In reading this, and other stories by the author, Peter Callaghan, he sure seems like a real hack. Thanks for the artcile, but thank you more for finding a different source Charlie! :lol:


----------



## Swadian Hardcore (Oct 23, 2012)

Oh, well. They weren't going to start it anyway. I remember hearing about this a long time ago and then forgot about it.


----------



## CHamilton (Nov 4, 2012)

Tacoma Rail rolls past hard times



> As the City of Tacoma grapples with its $63-million recession hangover with layoffs and cutbacks, one branch of city government, its municipal railroad, Tacoma Rail, may be putting hard times behind it.
> 
> Credit a combination of a rush of new business as well as timely deals to shed expenses for the turnaround.
> 
> ...


----------



## No.6 (Nov 10, 2012)

Incredible!
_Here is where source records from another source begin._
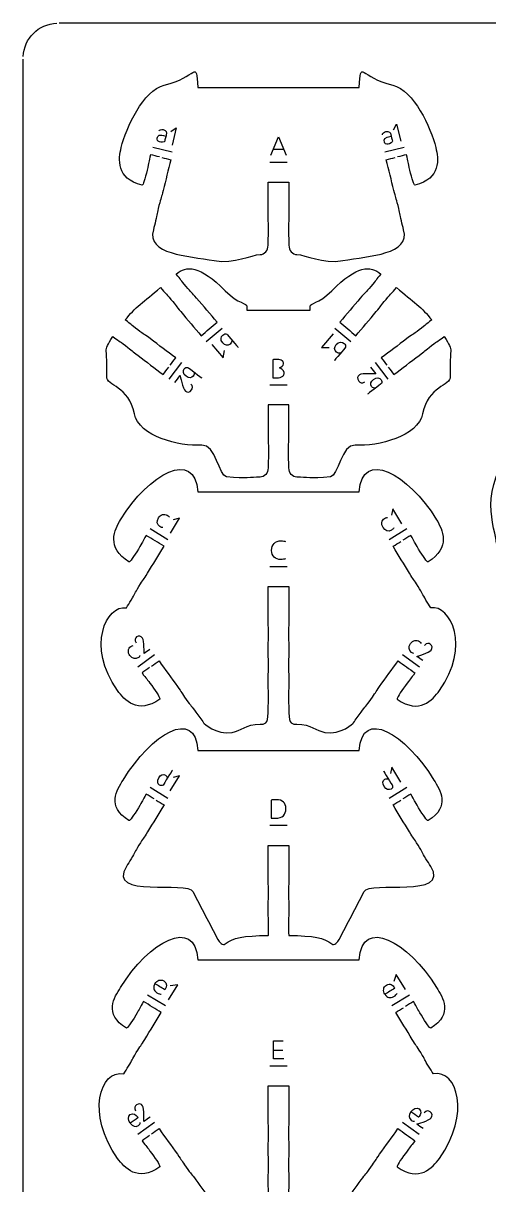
# Model space of a CAD drawing. Extents: x 0 to 200, y 0 to 300.
# Drawn here: x 0.1 to 67.2, y 132.7 to 300.1 of the extents above; entities that cross this region are included whole.
import ezdxf

# ---------------------------------------------------------------- set-up
doc = ezdxf.new("R2010")
doc.units = 0
doc.header["$MEASUREMENT"] = 0
doc.layers.add('DEFAULT', color=7, linetype='CONTINUOUS')

msp = doc.modelspace()

# ---------------------------------------------------------------- linework, layer by layer
at = {"layer": 'DEFAULT', "color": 1}
for points in [[(194.92, 300.1), (5.28, 300.1)], [(0.1, 5.28), (0.1, 294.92)]]:
    msp.add_lwpolyline(points, dxfattribs=at)
at = {"layer": 'DEFAULT', "color": 7}
for points in [[(21.37, 284.49), (22.15, 285), (21.54, 282.54)], [(53.45, 284.75), (53.9, 285.57), (54.5, 283.11)], [(35.79, 281.08), (36.88, 283.71), (37.99, 281.08)], [(21.56, 281.51), (18.78, 282.2)], [(37.64, 281.9), (36.13, 281.9)], [(55, 282.2), (52.22, 281.51)], [(35.64, 280.08), (38.14, 280.08)], [(26.47, 254.21), (28.76, 256.15)], [(44.74, 255.3), (43.1, 253.37), (44.19, 253.35)], [(45.01, 256.15), (47.3, 254.21)], [(27.26, 253.8), (28.9, 251.87), (29.1, 252.94)], [(21.14, 248.79), (22.95, 251.19)], [(50.82, 251.19), (52.63, 248.79)], [(35.64, 247.97), (38.14, 247.97)], [(54.67, 227.94), (53.35, 230.1), (53.17, 229.18)], [(21.3, 226.6), (22.62, 228.76), (21.72, 228.5)], [(20.96, 225.63), (18.4, 227.2)], [(55.38, 227.2), (52.82, 225.63)], [(35.64, 221.8), (38.14, 221.8)], [(16.59, 207.33), (19.03, 209.08)], [(54.75, 209.08), (57.19, 207.33)], [(54.53, 190.7), (53.2, 192.86), (53.02, 191.94)], [(21.28, 189.45), (22.6, 191.61), (21.71, 191.36)], [(20.96, 188.34), (18.4, 189.91)], [(55.37, 189.91), (52.81, 188.34)], [(35.64, 184.49), (38.14, 184.49)], [(55.18, 160.81), (53.86, 162.98), (53.5, 161.95)], [(21.05, 159.31), (22.37, 161.47), (21.29, 161.33)], [(20.58, 158.43), (18.02, 159.99)], [(55.76, 159.99), (53.2, 158.43)], [(37.63, 150.79), (36.15, 150.79), (36.15, 153.42), (37.57, 153.42)], [(37.51, 152.02), (36.15, 152.02)], [(35.64, 149.79), (38.14, 149.79)], [(19.03, 141.64), (16.59, 139.89)], [(57.18, 139.89), (54.75, 141.64)]]:
    msp.add_lwpolyline(points, dxfattribs=at)
at = {"layer": 'DEFAULT', "color": 1}
msp.add_open_spline([(0.1, 295.28), (0.2, 297.9), (2.3, 300), (4.93, 300.1)], degree=3, dxfattribs=at)
for points, knots in [([(19.73, 280.83), (19.3, 280.93), (18.88, 281.04), (18.45, 281.15), (18.17, 280.03), (18.26, 280.14), (17.96, 278.92), (17.66, 277.69), (17.38, 276.72), (17.22, 276.75), (13.44, 277.69), (13.82, 280.58), (14.22, 282.18), (14.94, 285.05), (17.39, 290.48), (20.42, 291.17), (25.17, 292.25), (25.01, 295.05), (25.25, 290.83), (33.01, 290.83), (40.77, 290.83), (48.52, 290.83), (48.77, 295.05), (48.6, 292.25), (53.35, 291.17), (56.38, 290.48), (58.84, 285.05), (59.55, 282.18), (59.95, 280.58), (60.34, 277.69), (56.55, 276.75), (56.4, 276.72), (56.12, 277.69), (55.81, 278.92), (55.51, 280.14), (55.6, 280.03), (55.33, 281.15), (54.9, 281.04), (54.47, 280.93), (54.04, 280.83)], [0, 0, 0, 0, 3.749613, 3.749613, 3.749613, 4.749613, 4.749613, 4.749613, 5.749613, 5.749613, 5.749613, 6.749613, 6.749613, 6.749613, 7.749613, 7.749613, 7.749613, 8.749613, 8.749613, 8.749613, 74.709613, 74.709613, 74.709613, 75.709613, 75.709613, 75.709613, 76.709613, 76.709613, 76.709613, 77.709613, 77.709613, 77.709613, 78.709613, 78.709613, 78.709613, 79.709613, 79.709613, 79.709613, 83.459227, 83.459227, 83.459227, 83.459227]), ([(68.31, 225.14), (67.77, 228.85), (65.43, 233.36), (72.37, 241.02), (79.42, 248.8), (78.65, 249.85), (82.12, 253.83), (85.59, 257.8), (88.68, 261.32), (90.46, 267.31), (90.95, 268.95), (88.35, 271.5), (86.56, 275.93), (85.4, 278.81), (84.03, 281.84), (82.5, 284.72), (81.49, 286.62), (83.11, 289.47), (85.66, 290.82), (86.19, 289.81), (86.19, 289.95), (86.78, 288.84), (87.37, 287.72), (87.26, 287.8), (87.79, 286.8), (88.5, 285.46), (89.22, 284.12), (89.93, 282.78), (90.32, 282.99), (90.71, 283.2), (91.1, 283.4)], [0, 0, 0, 0, 1, 1, 1, 2, 2, 2, 3, 3, 3, 4, 4, 4, 5, 5, 5, 6, 6, 6, 7, 7, 7, 8, 8, 8, 20.892944, 20.892944, 20.892944, 24.64177, 24.64177, 24.64177, 24.64177]), ([(20.07, 280.74), (20.5, 280.64), (20.93, 280.53), (21.36, 280.42), (21, 278.95), (20.63, 277.48), (20.27, 276), (20, 274.9), (19.97, 275.04), (19.66, 273.81), (19.36, 272.58), (19.45, 272.69), (19.18, 271.59), (19.08, 271.17), (18.97, 270.75), (18.86, 270.33), (17.84, 266.77), (23.74, 266.57), (27.62, 265.88), (30.54, 265.37), (33, 266.75), (34.23, 266.75), (34.87, 266.75), (35.39, 267.35), (35.39, 268.09), (35.39, 269.22), (35.45, 269.09), (35.45, 270.35), (35.45, 271.62), (35.39, 271.49), (35.39, 272.63), (35.39, 274.15), (35.39, 275.66), (35.39, 277.18), (36.39, 277.18), (37.39, 277.18), (38.39, 277.18), (38.39, 275.66), (38.39, 274.15), (38.39, 272.63), (38.39, 271.49), (38.32, 271.62), (38.32, 270.35), (38.32, 269.09), (38.39, 269.22), (38.39, 268.09), (38.39, 267.35), (38.91, 266.75), (39.55, 266.75), (40.78, 266.75), (43.23, 265.37), (46.15, 265.88), (50.04, 266.57), (55.93, 266.77), (54.91, 270.33), (54.81, 270.75), (54.7, 271.17), (54.59, 271.59), (54.32, 272.69), (54.41, 272.58), (54.11, 273.81), (53.81, 275.04), (53.78, 274.9), (53.51, 276), (53.14, 277.48), (52.78, 278.95), (52.42, 280.42), (52.85, 280.53), (53.27, 280.63), (53.7, 280.74)], [0, 0, 0, 0, 3.752026, 3.752026, 3.752026, 16.657413, 16.657413, 16.657413, 17.657413, 17.657413, 17.657413, 18.657413, 18.657413, 18.657413, 22.358507, 22.358507, 22.358507, 23.358507, 23.358507, 23.358507, 24.358507, 24.358507, 24.358507, 25.358507, 25.358507, 25.358507, 26.358507, 26.358507, 26.358507, 27.358507, 27.358507, 27.358507, 40.258507, 40.258507, 40.258507, 48.758507, 48.758507, 48.758507, 61.648507, 61.648507, 61.648507, 62.648507, 62.648507, 62.648507, 63.648507, 63.648507, 63.648507, 64.648507, 64.648507, 64.648507, 65.648507, 65.648507, 65.648507, 66.648507, 66.648507, 66.648507, 70.349601, 70.349601, 70.349601, 71.349601, 71.349601, 71.349601, 72.349601, 72.349601, 72.349601, 85.254988, 85.254988, 85.254988, 89.004601, 89.004601, 89.004601, 89.004601]), ([(21.27, 250.79), (21.54, 251.15), (21.8, 251.5), (22.07, 251.85), (20.86, 252.77), (19.65, 253.68), (18.44, 254.6), (17.53, 255.28), (17.59, 255.16), (16.59, 255.91), (15.57, 256.67), (15.71, 256.65), (14.81, 257.33), (16.13, 259.08), (17.54, 260.01), (19.86, 261.98), (20.6, 261.12), (20.56, 261.26), (21.38, 260.29), (22.2, 259.33), (22.07, 259.38), (22.81, 258.52), (23.79, 257.36), (24.77, 256.21), (25.75, 255.05), (26.52, 255.7), (27.28, 256.35), (28.04, 256.99), (27.06, 258.15), (26.08, 259.31), (25.09, 260.46), (24.36, 261.33), (24.39, 261.2), (23.57, 262.15), (22.75, 263.12), (22.89, 263.06), (22.15, 263.93), (23.63, 265.21), (25.51, 265.24), (29.22, 261.53), (31.13, 259.61), (32.34, 259.77), (32.34, 259.27), (32.34, 259.1), (32.34, 258.92), (32.34, 258.75), (35.37, 258.75), (38.4, 258.75), (41.43, 258.75), (41.43, 258.92), (41.43, 259.1), (41.43, 259.27), (41.43, 259.77), (42.63, 259.61), (44.55, 261.53), (48.26, 265.24), (50.13, 265.21), (51.62, 263.93), (50.88, 263.06), (51.02, 263.12), (50.2, 262.15), (49.38, 261.2), (49.41, 261.33), (48.67, 260.46), (47.69, 259.31), (46.71, 258.15), (45.73, 256.99), (46.49, 256.35), (47.25, 255.7), (48.02, 255.05), (49, 256.21), (49.98, 257.36), (50.96, 258.52), (51.7, 259.38), (51.57, 259.33), (52.39, 260.29), (53.21, 261.26), (53.17, 261.12), (53.91, 261.98), (56.23, 260.01), (57.64, 259.08), (58.96, 257.33), (58.06, 256.65), (58.2, 256.67), (57.18, 255.91), (56.18, 255.16), (56.24, 255.28), (55.33, 254.6), (54.12, 253.68), (52.91, 252.77), (51.7, 251.85), (51.97, 251.5), (52.23, 251.15), (52.5, 250.8)], [0, 0, 0, 0, 3.762034, 3.762034, 3.762034, 16.670109, 16.670109, 16.670109, 17.670109, 17.670109, 17.670109, 18.670109, 18.670109, 18.670109, 19.670109, 19.670109, 19.670109, 20.670109, 20.670109, 20.670109, 21.670109, 21.670109, 21.670109, 34.560218, 34.560218, 34.560218, 43.059653, 43.059653, 43.059653, 55.957381, 55.957381, 55.957381, 56.957381, 56.957381, 56.957381, 57.957381, 57.957381, 57.957381, 58.957381, 58.957381, 58.957381, 59.957381, 59.957381, 59.957381, 61.427381, 61.427381, 61.427381, 87.207381, 87.207381, 87.207381, 88.677381, 88.677381, 88.677381, 89.677381, 89.677381, 89.677381, 90.677381, 90.677381, 90.677381, 91.677381, 91.677381, 91.677381, 92.677381, 92.677381, 92.677381, 105.57511, 105.57511, 105.57511, 114.082172, 114.082172, 114.082172, 126.97228, 126.97228, 126.97228, 127.97228, 127.97228, 127.97228, 128.97228, 128.97228, 128.97228, 129.97228, 129.97228, 129.97228, 130.97228, 130.97228, 130.97228, 131.97228, 131.97228, 131.97228, 144.872377, 144.872377, 144.872377, 148.620403, 148.620403, 148.620403, 148.620403]), ([(52.71, 250.51), (52.98, 250.16), (53.24, 249.81), (53.51, 249.46), (54.72, 250.37), (55.93, 251.29), (57.14, 252.2), (58.05, 252.88), (57.91, 252.86), (58.92, 253.62), (59.92, 254.38), (59.86, 254.26), (60.77, 254.94), (62.32, 252.52), (61.42, 253.54), (61.64, 249.16), (61.71, 247.85), (58.44, 247.77), (57.65, 243.81), (57, 240.53), (51.22, 239.06), (47.94, 239.28), (45.98, 239.42), (45.45, 234.8), (44.39, 234.7), (41.39, 234.42), (40.99, 234.67), (39.54, 234.67), (38.9, 234.67), (38.38, 235.27), (38.38, 236), (38.38, 237.14), (38.32, 237.01), (38.32, 238.28), (38.32, 239.54), (38.38, 239.41), (38.38, 240.56), (38.38, 242.07), (38.38, 243.58), (38.38, 245.1), (37.38, 245.1), (36.38, 245.1), (35.39, 245.1), (35.39, 243.58), (35.39, 242.07), (35.39, 240.55), (35.39, 239.41), (35.45, 239.54), (35.45, 238.28), (35.45, 237.01), (35.39, 237.14), (35.39, 236), (35.39, 235.27), (34.87, 234.67), (34.22, 234.67), (32.77, 234.67), (32.38, 234.42), (29.39, 234.7), (28.33, 234.8), (27.8, 239.42), (25.83, 239.28), (22.56, 239.06), (16.77, 240.53), (16.12, 243.81), (15.33, 247.77), (12.06, 247.85), (12.13, 249.16), (12.35, 253.54), (11.45, 252.52), (13, 254.94), (13.91, 254.26), (13.84, 254.38), (14.85, 253.62), (15.86, 252.86), (15.72, 252.88), (16.64, 252.2), (17.84, 251.29), (19.05, 250.37), (20.26, 249.46), (20.53, 249.81), (20.79, 250.16), (21.06, 250.51)], [0, 0, 0, 0, 3.762034, 3.762034, 3.762034, 16.654156, 16.654156, 16.654156, 17.654156, 17.654156, 17.654156, 18.654156, 18.654156, 18.654156, 19.654156, 19.654156, 19.654156, 20.654156, 20.654156, 20.654156, 21.654156, 21.654156, 21.654156, 22.654156, 22.654156, 22.654156, 23.654156, 23.654156, 23.654156, 24.654156, 24.654156, 24.654156, 25.654156, 25.654156, 25.654156, 26.654156, 26.654156, 26.654156, 39.534156, 39.534156, 39.534156, 48.034156, 48.034156, 48.034156, 60.924156, 60.924156, 60.924156, 61.924156, 61.924156, 61.924156, 62.924156, 62.924156, 62.924156, 63.924156, 63.924156, 63.924156, 64.924156, 64.924156, 64.924156, 65.924156, 65.924156, 65.924156, 66.924156, 66.924156, 66.924156, 67.924156, 67.924156, 67.924156, 68.924156, 68.924156, 68.924156, 69.924156, 69.924156, 69.924156, 70.924156, 70.924156, 70.924156, 83.816277, 83.816277, 83.816277, 87.564303, 87.564303, 87.564303, 87.564303]), ([(18.31, 207.21), (17.95, 206.95), (17.59, 206.7), (17.23, 206.44), (17.9, 205.51), (17.87, 205.65), (18.61, 204.62), (19.35, 203.6), (19.91, 202.76), (19.78, 202.66), (16.61, 200.39), (14.66, 202.55), (13.7, 203.9), (9.15, 210.24), (12.09, 216.29), (14.96, 215.82), (15.19, 216.19), (15.41, 216.56), (15.64, 216.93), (16.23, 217.9), (16.11, 217.83), (16.77, 218.91), (17.43, 219.98), (17.42, 219.84), (18.01, 220.81), (18.8, 222.11), (19.59, 223.4), (20.39, 224.69), (19.53, 225.22), (18.68, 225.74), (17.83, 226.26), (17.23, 225.29), (17.35, 225.36), (16.69, 224.29), (16.04, 223.21), (15.47, 222.37), (15.34, 222.45), (12.01, 224.48), (13.25, 227.12), (14.12, 228.53), (18.19, 235.19), (24.89, 238.78), (25.25, 232.53), (33.01, 232.53), (40.77, 232.53), (48.53, 232.53), (48.89, 238.78), (55.59, 235.19), (59.66, 228.53), (60.53, 227.12), (61.77, 224.48), (58.44, 222.45), (58.31, 222.37), (57.74, 223.21), (57.08, 224.29), (56.43, 225.36), (56.54, 225.29), (55.95, 226.26), (55.58, 226.03), (55.2, 225.8), (54.82, 225.57)], [0, 0, 0, 0, 3.75481, 3.75481, 3.75481, 4.75481, 4.75481, 4.75481, 5.75481, 5.75481, 5.75481, 6.75481, 6.75481, 6.75481, 7.75481, 7.75481, 7.75481, 11.449049, 11.449049, 11.449049, 12.449049, 12.449049, 12.449049, 13.449049, 13.449049, 13.449049, 26.344509, 26.344509, 26.344509, 34.846045, 34.846045, 34.846045, 35.846045, 35.846045, 35.846045, 36.846045, 36.846045, 36.846045, 37.846045, 37.846045, 37.846045, 38.846045, 38.846045, 38.846045, 104.816045, 104.816045, 104.816045, 105.816045, 105.816045, 105.816045, 106.816045, 106.816045, 106.816045, 107.816045, 107.816045, 107.816045, 108.816045, 108.816045, 108.816045, 112.56859, 112.56859, 112.56859, 112.56859]), ([(18.59, 207.42), (18.95, 207.67), (19.31, 207.93), (19.67, 208.18), (20.55, 206.95), (21.44, 205.72), (22.32, 204.49), (22.99, 203.56), (22.86, 203.63), (23.6, 202.6), (24.33, 201.57), (24.31, 201.71), (24.99, 200.79), (25.36, 200.28), (25.73, 199.76), (26.1, 199.24), (26.1, 199.24), (27.81, 197.46), (30.23, 197.87), (31.44, 198.07), (32.21, 199.05), (34.22, 199.05), (34.87, 199.05), (35.39, 199.05), (35.39, 200.68), (35.39, 201.82), (35.45, 201.69), (35.45, 202.96), (35.45, 204.22), (35.39, 204.1), (35.39, 205.24), (35.39, 206.37), (35.45, 206.24), (35.45, 207.5), (35.45, 208.77), (35.39, 208.65), (35.39, 209.78), (35.39, 210.91), (35.45, 210.79), (35.45, 212.05), (35.45, 213.31), (35.39, 213.19), (35.39, 214.33), (35.39, 215.84), (35.39, 217.36), (35.39, 218.88), (36.39, 218.88), (37.39, 218.88), (38.39, 218.88), (38.39, 217.36), (38.39, 215.84), (38.39, 214.33), (38.39, 213.19), (38.32, 213.31), (38.32, 212.05), (38.32, 210.79), (38.39, 210.91), (38.39, 209.78), (38.39, 208.65), (38.32, 208.77), (38.32, 207.5), (38.32, 206.24), (38.39, 206.37), (38.39, 205.24), (38.39, 204.1), (38.32, 204.22), (38.32, 202.96), (38.32, 201.69), (38.39, 201.82), (38.39, 200.68), (38.39, 199.05), (38.91, 199.05), (39.55, 199.05), (41.56, 199.05), (42.34, 198.07), (43.55, 197.87), (45.97, 197.46), (47.68, 199.24), (47.68, 199.24), (48.05, 199.76), (48.42, 200.28), (48.79, 200.79), (49.46, 201.71), (49.45, 201.57), (50.18, 202.6), (50.92, 203.63), (50.79, 203.56), (51.46, 204.49), (52.34, 205.72), (53.23, 206.95), (54.11, 208.18), (54.92, 207.6), (55.74, 207.02), (56.55, 206.44), (55.88, 205.51), (55.91, 205.65), (55.17, 204.62), (54.43, 203.6), (53.87, 202.76), (54, 202.66), (57.17, 200.39), (59.12, 202.55), (60.08, 203.9), (64.63, 210.24), (61.68, 216.29), (58.82, 215.82), (58.59, 216.19), (58.37, 216.56), (58.14, 216.93), (57.55, 217.9), (57.67, 217.83), (57.01, 218.91), (56.35, 219.98), (56.36, 219.84), (55.77, 220.81), (54.98, 222.11), (54.19, 223.4), (53.39, 224.69), (53.77, 224.92), (54.15, 225.16), (54.52, 225.39)], [0, 0, 0, 0, 3.748987, 3.748987, 3.748987, 16.639731, 16.639731, 16.639731, 17.639731, 17.639731, 17.639731, 18.639731, 18.639731, 18.639731, 24.059196, 24.059196, 24.059196, 25.059196, 25.059196, 25.059196, 26.059196, 26.059196, 26.059196, 27.059196, 27.059196, 27.059196, 28.059196, 28.059196, 28.059196, 29.059196, 29.059196, 29.059196, 30.059196, 30.059196, 30.059196, 31.059196, 31.059196, 31.059196, 32.059196, 32.059196, 32.059196, 33.059196, 33.059196, 33.059196, 45.959196, 45.959196, 45.959196, 54.469196, 54.469196, 54.469196, 67.369196, 67.369196, 67.369196, 68.369196, 68.369196, 68.369196, 69.379196, 69.379196, 69.379196, 70.379196, 70.379196, 70.379196, 71.379196, 71.379196, 71.379196, 72.379196, 72.379196, 72.379196, 73.379196, 73.379196, 73.379196, 74.379196, 74.379196, 74.379196, 75.379196, 75.379196, 75.379196, 76.379196, 76.379196, 76.379196, 81.798661, 81.798661, 81.798661, 82.798661, 82.798661, 82.798661, 83.798661, 83.798661, 83.798661, 96.689406, 96.689406, 96.689406, 105.189441, 105.189441, 105.189441, 106.189441, 106.189441, 106.189441, 107.189441, 107.189441, 107.189441, 108.189441, 108.189441, 108.189441, 109.189441, 109.189441, 109.189441, 112.88368, 112.88368, 112.88368, 113.88368, 113.88368, 113.88368, 114.88368, 114.88368, 114.88368, 127.77914, 127.77914, 127.77914, 131.531686, 131.531686, 131.531686, 131.531686]), ([(18.96, 188.28), (18.58, 188.51), (18.2, 188.74), (17.83, 188.97), (17.24, 187.99), (17.35, 188.07), (16.69, 186.99), (16.04, 185.91), (15.47, 185.07), (15.34, 185.16), (12.01, 187.19), (13.64, 189.59), (14.5, 191), (18.57, 197.66), (24.89, 201.49), (25.26, 195.24), (33.01, 195.24), (40.77, 195.24), (48.53, 195.24), (48.88, 201.49), (55.2, 197.66), (59.28, 191), (60.14, 189.6), (61.76, 187.19), (58.44, 185.16), (58.3, 185.07), (57.74, 185.91), (57.08, 187), (56.42, 188.07), (56.54, 187.99), (55.95, 188.97), (55.57, 188.74), (55.19, 188.51), (54.82, 188.28)], [0, 0, 0, 0, 3.761077, 3.761077, 3.761077, 4.761077, 4.761077, 4.761077, 5.761077, 5.761077, 5.761077, 6.761077, 6.761077, 6.761077, 7.761077, 7.761077, 7.761077, 73.721077, 73.721077, 73.721077, 74.721077, 74.721077, 74.721077, 75.721077, 75.721077, 75.721077, 76.721077, 76.721077, 76.721077, 77.721077, 77.721077, 77.721077, 81.482154, 81.482154, 81.482154, 81.482154]), ([(19.26, 188.09), (19.63, 187.86), (20.01, 187.63), (20.39, 187.4), (19.6, 186.11), (18.8, 184.82), (18.01, 183.52), (17.42, 182.55), (17.43, 182.69), (16.77, 181.61), (16.11, 180.54), (16.23, 180.61), (15.64, 179.64), (15.41, 179.27), (15.19, 178.9), (14.96, 178.53), (12.05, 173.9), (23.87, 176.49), (24.54, 174.95), (25.74, 172.63), (26.94, 170.31), (28.15, 167.99), (28.31, 167.62), (28.92, 167.12), (29.2, 167.37), (30.28, 168.24), (31.83, 168.58), (35.39, 168.58), (35.46, 168.58), (35.45, 168.94), (35.45, 170.21), (35.45, 171.47), (35.39, 171.35), (35.39, 172.49), (35.39, 173.62), (35.45, 173.5), (35.45, 174.76), (35.45, 176.02), (35.39, 175.9), (35.39, 177.04), (35.39, 178.55), (35.39, 180.07), (35.39, 181.58), (36.39, 181.58), (37.39, 181.58), (38.39, 181.58), (38.39, 180.07), (38.39, 178.55), (38.39, 177.04), (38.39, 175.9), (38.33, 176.02), (38.33, 174.76), (38.33, 173.5), (38.39, 173.62), (38.39, 172.49), (38.39, 171.35), (38.33, 171.47), (38.33, 170.21), (38.33, 168.98), (38.32, 168.61), (38.39, 168.58), (41.94, 168.58), (43.49, 168.24), (44.57, 167.37), (44.85, 167.12), (45.46, 167.62), (45.63, 167.99), (46.83, 170.31), (48.03, 172.63), (49.24, 174.95), (49.89, 176.49), (61.73, 173.9), (58.82, 178.54), (58.59, 178.9), (58.37, 179.27), (58.14, 179.64), (57.54, 180.61), (57.67, 180.54), (57.01, 181.61), (56.35, 182.69), (56.35, 182.55), (55.77, 183.52), (54.97, 184.82), (54.18, 186.11), (53.39, 187.4), (53.76, 187.63), (54.14, 187.86), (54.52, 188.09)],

The city of Tacoma yet again making a permanent decision to fix a temporary problem. If they don't want the potential value capture opportunities the line represents, I imagine private interests in the fashion of Iowa Pacific will happily relieve them of the burden.


----------



## Nathanael (Nov 17, 2012)

It's a decent idea to sell the 1.3 mile segment to Sound Transit, the government agency and passenger rail operator which will soon be the primary user.

As for the other bits... well, if I were running Tacoma I would certainly not sell them to privateers. The proposals, however, speak of *leasing* them, which wouldn't be that bad. The excursion train operator, a non-profit, would be a decent owner, but I doubt they can afford it.


----------